Responses to written information. Individuals with limited literacy often develop socially acceptable ways to avoid having to read in the presence of others. For example, when presented with written forms or handouts, individuals with limited literacy will sometimes say things like: "I forgot my glasses so I will read this when I get home" or "Let me bring this home so I can discuss it with my children." Others will attempt to read and complete written forms but will complete them incorrectly or with strange or inappropriate responses.
Responses to questions about medications. Patients who have limited health literacy may be unable to provide the names of their medications or explain what their medications are for. They are also often unable to explain the timing of how their medications should be taken.
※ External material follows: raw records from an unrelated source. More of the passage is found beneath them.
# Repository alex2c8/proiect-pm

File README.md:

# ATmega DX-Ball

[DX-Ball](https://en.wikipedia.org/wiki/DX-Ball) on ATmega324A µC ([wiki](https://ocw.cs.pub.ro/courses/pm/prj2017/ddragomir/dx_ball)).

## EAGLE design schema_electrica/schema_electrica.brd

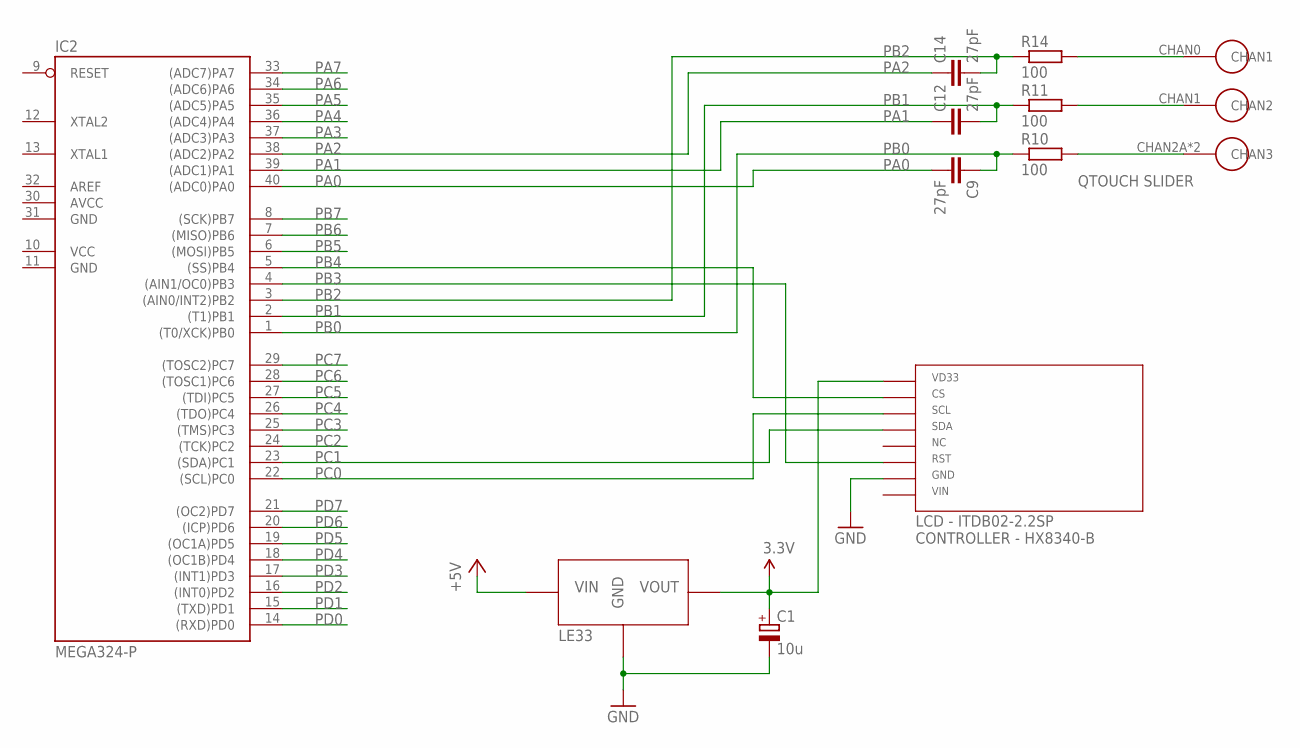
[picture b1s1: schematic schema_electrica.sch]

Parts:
C1: 10u; E2,5-5
C9, C12, C14: 27pF; C1206
IC2: MEGA324-P; DIL40
R10, R11, R14: 100; M1206
U$1: QT_SLIDER

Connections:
3.3V: C1.+
AVCC: IC2.30 (AVCC)
GND: C1.-, IC2.11 (GND), IC2.31 (GND)
unnamed: R14.2, U$1.CHAN0 (CHAN1)
unnamed: R11.2, U$1.CHAN1 (CHAN2)
unnamed: R10.2, U$1.CHAN2A (CHAN3), U$1.CHAN2B (CHAN3)
PA0: C9.2, IC2.40 ((ADC0)PA0)
PA1: C12.1, IC2.39 ((ADC1)PA1)
PA2: C14.1, IC2.38 ((ADC2)PA2)
PA3: IC2.37 ((ADC3)PA3)
PA4: IC2.36 ((ADC4)PA4)
PA5: IC2.35 ((ADC5)PA5)
PA6: IC2.34 ((ADC6)PA6)
PA7: IC2.33 ((ADC7)PA7)
PB0: C9.1, IC2.1 ((T0/XCK)PB0), R10.1
PB1: C12.2, IC2.2 ((T1)PB1), R11.1
PB2: C14.2, IC2.3 ((AIN0/INT2)PB2), R14.1
PB3: IC2.4 ((AIN1/OC0)PB3)
PB4: IC2.5 ((SS)PB4)
PB5: IC2.6 ((MOSI)PB5)
PB6: IC2.7 ((MISO)PB6)
PB7: IC2.8 ((SCK)PB7)
PC0: IC2.22 ((SCL)PC0)
PC1: IC2.23 ((SDA)PC1)
PC2: IC2.24 ((TCK)PC2)
PC3: IC2.25 ((TMS)PC3)
PC4: IC2.26 ((TDO)PC4)
PC5: IC2.27 ((TDI)PC5)
PC6: IC2.28 ((TOSC1)PC6)
PC7: IC2.29 ((TOSC2)PC7)
PD0: IC2.14 ((RXD)PD0)
PD1: IC2.15 ((TXD)PD1)
PD2: IC2.16 ((INT0)PD2)
PD3: IC2.17 ((INT1)PD3)
PD4: IC2.18 ((OC1B)PD4)
PD5: IC2.19 ((OC1A)PD5)
PD6: IC2.20 ((ICP)PD6)
PD7: IC2.21 ((OC2)PD7)
VCC: IC2.10 (VCC)

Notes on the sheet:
VD33
SCL
SDA
RST
GND
VIN
LCD - ITDB02-2.2SP CONTROLLER - HX8340-B
QTOUCH SLIDER
VOUT
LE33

Behaviors. Because they lack understanding of what they need to do, patients with limited health literacy may miss follow-up appointments or fail to follow through with tests and referrals. They also may fail to adhere to recommended medication regimens. [65,66]
When a patient presents any of these examination room clues, the clues should serve as "red flags" that the patient likely has limited literacy skills. Unfortunately, while these clues are useful when present, the vast majority of patients with limited literacy will not exhibit them -- so these clues are insufficiently sensitive to permit identification of patients with limited literacy skills.